ThreeJS and the transparent problem

There’s no satisfactory answer here yet (only workarounds that disable critical parts of the regular rendering abilities of the scene, which causes there to be other issues)

I’m not sure what a satisfactory answer would be – there are only workarounds. There is no magic answer that makes transparent rendering just work in every scenario. It’s a difficult problem that you have to work within the limitations of the graphics API to achieve – even on with newer DirectX and OpenGL versions it’s still an issue (though newer raytracing APIs may change this). The only best answer is artistry and to select a combination of “hacks” that work best for your scenario. This is what modern games have to do, as well.

Here are some of the techniques available to render transparency some of which require more effort than others within three.js.

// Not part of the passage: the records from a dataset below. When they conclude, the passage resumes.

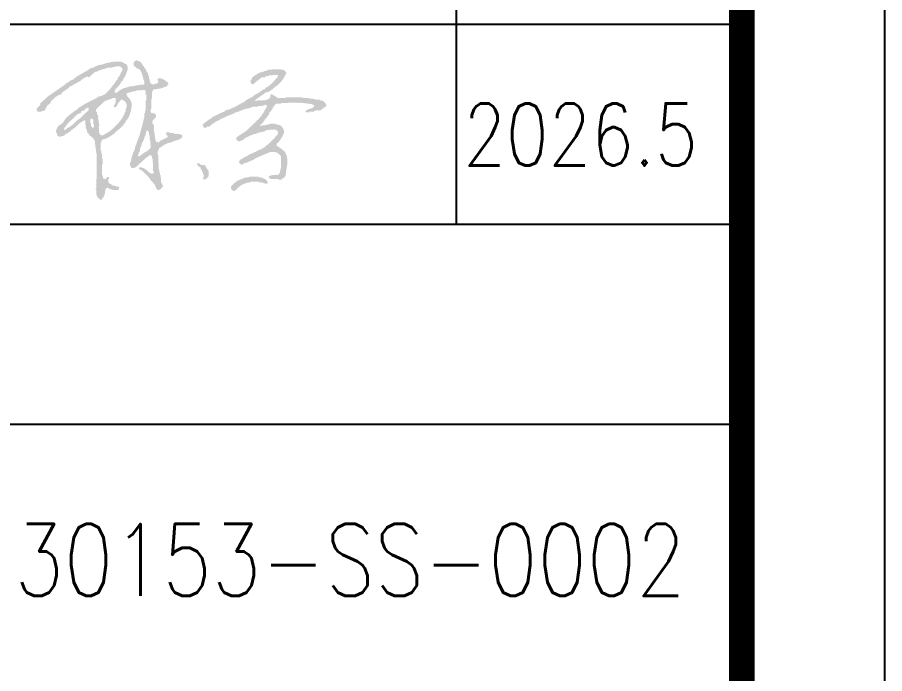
# Model space of a CAD drawing. Header units: metres. Extents: x 497246 to 997717, y 2998582 to 5998198.
# Drawn here: x 499059.81 to 499090.18, y 2999179.69 to 2999202.67 of the extents above; entities that cross this region are included whole.
import ezdxf

# ---------------------------------------------------------------- set-up
doc = ezdxf.new("R2010")
doc.units = ezdxf.units.M
doc.header["$LTSCALE"] = 1000
doc.layers.get('0').update_dxf_attribs({"linetype": 'CONTINUOUS'})
doc.layers.add('DIM', color=3, linetype='CONTINUOUS')
doc.layers.add('文字-给水', color=140, linetype='CONTINUOUS')
doc.styles.add('HZTXT', font='txt', dxfattribs={"width": 0.7, "bigfont": 'HZTXT'})

msp = doc.modelspace()

# ---------------------------------------------------------------- hatches: boundary and pattern name
h = msp.add_hatch(color=256)
h.dxf.hatch_style = 1
h.paths.add_polyline_path([(499063.356, 2999201.113), (499063.356, 2999201.134), (499063.377, 2999201.113), (499063.457, 2999201.113), (499063.608, 2999201.033), (499063.64, 2999201.014), (499063.655, 2999200.99), (499063.658, 2999200.953), (499063.678, 2999200.953), (499063.668, 2999200.832), (499063.623, 2999200.688), (499063.589, 2999200.617), (499063.508, 2999200.49), (499063.504, 2999200.459), (499063.487, 2999200.438), (499063.457, 2999200.43), (499063.457, 2999200.39), (499063.417, 2999200.369), (499063.417, 2999200.339), (499063.286, 2999200.188), (499063.254, 2999200.169), (499063.239, 2999200.145), (499063.236, 2999200.108), (499063.216, 2999200.108), (499063.214, 2999200.075), (499063.218, 2999200.055), (499063.236, 2999200.028), (499063.296, 2999200.028), (499063.296, 2999200.048), (499063.327, 2999200.048), (499063.387, 2999200.108), (499063.5, 2999200.172), (499063.562, 2999200.197), (499063.689, 2999200.229), (499063.753, 2999200.252), (499063.79, 2999200.256), (499063.859, 2999200.249), (499063.859, 2999200.269), (499063.94, 2999200.269), (499063.94, 2999200.289), (499064.08, 2999200.289), (499064.08, 2999200.309), (499064.241, 2999200.309), (499064.261, 2999200.329), (499064.261, 2999200.43), (499064.241, 2999200.43), (499064.241, 2999200.49), (499064.221, 2999200.49), (499064.211, 2999200.571), (499064.151, 2999200.751), (499064.118, 2999200.817), (499064.086, 2999200.849), (499064.02, 2999200.882), (499063.989, 2999200.885), (499063.968, 2999200.902), (499063.96, 2999200.932), (499063.899, 2999200.953), (499063.899, 2999200.993), (499063.879, 2999200.993), (499063.879, 2999201.083), (499063.93, 2999201.134), (499063.958, 2999201.157), (499063.984, 2999201.163), (499064.02, 2999201.154), (499064.121, 2999201.103), (499064.15, 2999201.088), (499064.163, 2999201.066), (499064.161, 2999201.033), (499064.181, 2999201.033), (499064.211, 2999200.973), (499064.243, 2999200.953), (499064.258, 2999200.93), (499064.261, 2999200.892), (499064.281, 2999200.892), (499064.332, 2999200.792), (499064.335, 2999200.76), (499064.351, 2999200.74), (499064.382, 2999200.731), (499064.382, 2999200.691), (499064.402, 2999200.691), (499064.402, 2999200.611), (499064.422, 2999200.611), (499064.422, 2999200.51), (499064.442, 2999200.51), (499064.442, 2999200.43), (499064.462, 2999200.43), (499064.46, 2999200.396), (499064.464, 2999200.377), (499064.482, 2999200.349), (499064.523, 2999200.349), (499064.523, 2999200.329), (499064.623, 2999200.329), (499064.623, 2999200.349), (499064.694, 2999200.349), (499064.724, 2999200.379), (499064.746, 2999200.399), (499064.753, 2999200.422), (499064.744, 2999200.45), (499064.724, 2999200.45), (499064.724, 2999200.53), (499064.864, 2999200.53), (499064.864, 2999200.51), (499064.925, 2999200.51), (499064.945, 2999200.47), (499064.985, 2999200.47), (499065.005, 2999200.43), (499065.036, 2999200.43), (499065.106, 2999200.349), (499065.045, 2999200.258), (499064.879, 2999200.194), (499064.79, 2999200.171), (499064.613, 2999200.148), (499064.59, 2999200.147), (499064.575, 2999200.138), (499064.563, 2999200.118), (499064.539, 2999200.089), (499064.534, 2999200.064), (499064.543, 2999200.028), (499064.523, 2999200.028), (499064.523, 2999199.827), (499064.503, 2999199.827), (499064.503, 2999199.465), (499064.482, 2999199.465), (499064.482, 2999199.344), (499064.503, 2999199.324), (499064.57, 2999199.316), (499064.607, 2999199.302), (499064.663, 2999199.264), (499064.663, 2999199.173), (499064.553, 2999199.062), (499064.538, 2999199.025), (499064.536, 2999199.001), (499064.543, 2999198.962), (499064.582, 2999198.905), (499064.595, 2999198.869), (499064.603, 2999198.801), (499064.583, 2999198.801), (499064.593, 2999198.741), (499064.634, 2999198.459), (499064.643, 2999198.359), (499064.663, 2999198.359), (499064.684, 2999198.298), (499064.764, 2999198.298), (499064.764, 2999198.318), (499064.804, 2999198.318), (499064.799, 2999198.332), (499064.81, 2999198.348), (499064.824, 2999198.348), (499065.045, 2999198.459), (499065.063, 2999198.463), (499065.073, 2999198.483), (499065.066, 2999198.499), (499065.096, 2999198.499), (499065.076, 2999198.52), (499065.043, 2999198.539), (499065.029, 2999198.563), (499065.025, 2999198.6), (499065.005, 2999198.6), (499065.025, 2999198.64), (499065.146, 2999198.64), (499065.146, 2999198.62), (499065.287, 2999198.62), (499065.287, 2999198.6), (499065.327, 2999198.6), (499065.327, 2999198.58), (499065.387, 2999198.58), (499065.387, 2999198.6), (499065.427, 2999198.6), (499065.427, 2999198.58), (499065.508, 2999198.58), (499065.508, 2999198.56), (499065.553, 2999198.563), (499065.588, 2999198.54), (499065.588, 2999198.489), (499065.498, 2999198.399), (499065.237, 2999198.318), (499065.226, 2999198.298), (499065.146, 2999198.298), (499065.146, 2999198.278), (499065.086, 2999198.268), (499064.925, 2999198.187), (499064.91, 2999198.187), (499064.9, 2999198.171), (499064.905, 2999198.158), (499064.864, 2999198.158), (499064.844, 2999198.117), (499064.815, 2999198.117), (499064.782, 2999198.098), (499064.767, 2999198.074), (499064.764, 2999198.037), (499064.744, 2999198.037), (499064.744, 2999197.977), (499064.724, 2999197.977), (499064.724, 2999197.856), (499064.744, 2999197.856), (499064.744, 2999197.575), (499064.764, 2999197.575), (499064.764, 2999197.333), (499064.784, 2999197.333), (499064.784, 2999197.233), (499064.804, 2999197.233), (499064.804, 2999197.152), (499064.824, 2999197.152), (499064.824, 2999197.052), (499064.844, 2999197.052), (499064.844, 2999196.891), (499064.864, 2999196.891), (499064.864, 2999196.831), (499064.885, 2999196.831), (499064.885, 2999196.79), (499064.905, 2999196.79), (499064.905, 2999196.74), (499064.844, 2999196.679), (499064.825, 2999196.648), (499064.801, 2999196.633), (499064.764, 2999196.629), (499064.764, 2999196.609), (499064.694, 2999196.65), (499064.634, 2999196.77), (499064.63, 2999196.801), (499064.613, 2999196.822), (499064.583, 2999196.831), (499064.583, 2999196.86), (499064.513, 2999196.931), (499064.48, 2999196.95), (499064.466, 2999196.974), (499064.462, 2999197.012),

  • Use alphaTest to clip transparent textures. You won’t be able to achieve partial transparency here.
  • Render transparent objects with depth write enabled which will lead to the background clipping you’re seeing.
  • Render transparent objects with no depth write and back to front sorting. This is the most common approach but can result in objects “flipping” order when moving the camera which can be undesireable.
  • Render partial transparency with a dither pattern while still writing to depth. This is also called “screendoor transparency”. Transparent objects will render on top of eachother coherently but the dither pattern may be undesirable. Performance may also be affected negatively.
  • Weighted, blended order independent transparency seems to an approach that takes some weighted average of transparent pixels but again it won’t give you the correct overlap look. But it will avoid “popping” as you move the camera.
  • Depth peeling will give you correct transparency but is performance intensive and requires rendering all the transparent objects in the scene multiple times to properly blend all layers of transparency.
  • Per fragment sorted transparency will give you correct transparency but again is performance intensive and may not even be feasible using current WebGL APIs. This involves creating a linked list of every transparent color and depth at every pixel and sorting them front to back before blending them for the final color.

I’m sure there are other approaches but the point is there’s a lot of options and there’s not one well accepted approach for rendering transparency correctly. You really just have to pick what works for your use case.